There there are more streaming choices than ever before, but that hasn’t stopped prices from going up time and time again; here’s why it keeps happening…
Netflix. YouTube TV. Hulu. Disney+. Amazon Prime Video. The list goes on and on, and there are even more to come. Everyone knows that when there’s an abundance of a product or service, the cost of that product or service goes down. It’s simple supply and demand economics. But, if that’s true, why do streaming platforms keep on raising their monthly subscription fees?
Turns out, there are understandable answers as to why this is occurring. More particularly, there are three principal factors are driving this price-hiking phenomenon. Unsurprisingly, the proverbial devil is in the details.
3 Reasons Why Streaming Service Prices Keep Rising
Let’s take YouTube TV as an example. Introduced in February 2017, the streaming service by Google cost only $35 per month. That price eventually rose to $50 per month, and now it’s up to $65. (Hulu and Netflix have also incrementally raised their prices, as well.)
So, why does this keep happening, despite the fact there are more streaming providers than ever? Aren’t prices supposed to go down when there there’s a bigger selection among consumers? Usually, yes. But that’s not the case in this instance. Here are the three biggest factors behind the price increases:
- Licensing content. Every streaming platform licenses content from movie studios and television networks. And those content creators like to get their money’s worth for such deals. How much? Well, it cost Netflix an eye-popping $500 million to get the rights to Seinfeld, which will stream on the platform next year. While this is certainly an extreme example, networks and studios aren’t exactly giving their content away at bargain basement prices.

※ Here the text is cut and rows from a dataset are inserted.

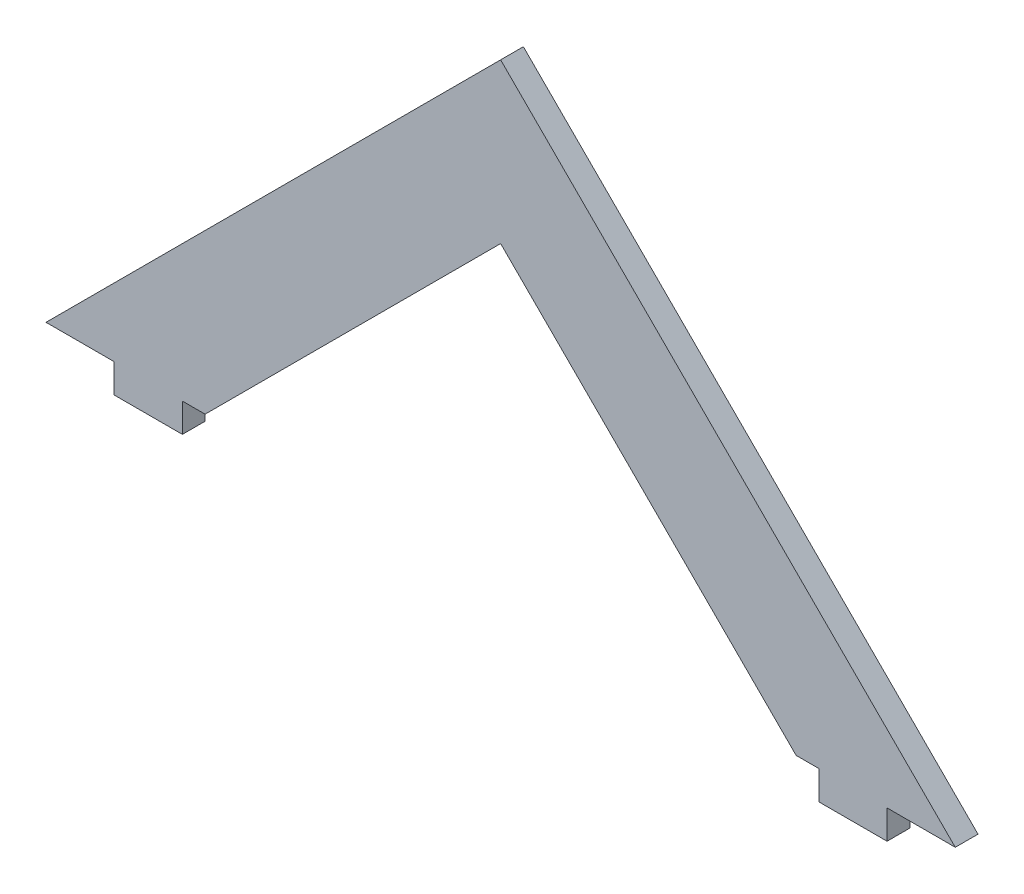
from build123d import *

# Parameters (mm, degrees)
BOSS_EXTRUDE1_DEPTH = 5


with BuildPart() as part:
    # Sketch1 → Boss-Extrude1 (new body)
    with BuildSketch(Plane.XY):
        Polygon((30, 0), (15, 0), (15, 6.35), (0, 6.35), (100, 106.35), (200, 6.35), (185, 6.35), (185, 0), (170, 0), (170, 6.35), (165, 6.35), (100, 71.35), (35, 6.35), (30, 6.35), align=None)
    extrude(amount=BOSS_EXTRUDE1_DEPTH)


solid = part.part

- Original content creation. Licensed content in a streaming service’s catalog won’t suffice to retain customers or even attract new subscribers. So, original content is a necessity and that necessity is very expensive. For instance, Netflix will spend approximately $17 billion dollars this year alone on its original content.
- Networks prefer bundling channels. Networks don’t like to parcel out there properties in singles or even doubles. They would rather sell them in large packages. Of course, that ups the price and that expense is partly passed on to the customer.
There is a fourth reason — it costs more money to host bigger content libraries. Server space is yet another expense, as is the cost of hiring, training, and retaining employees.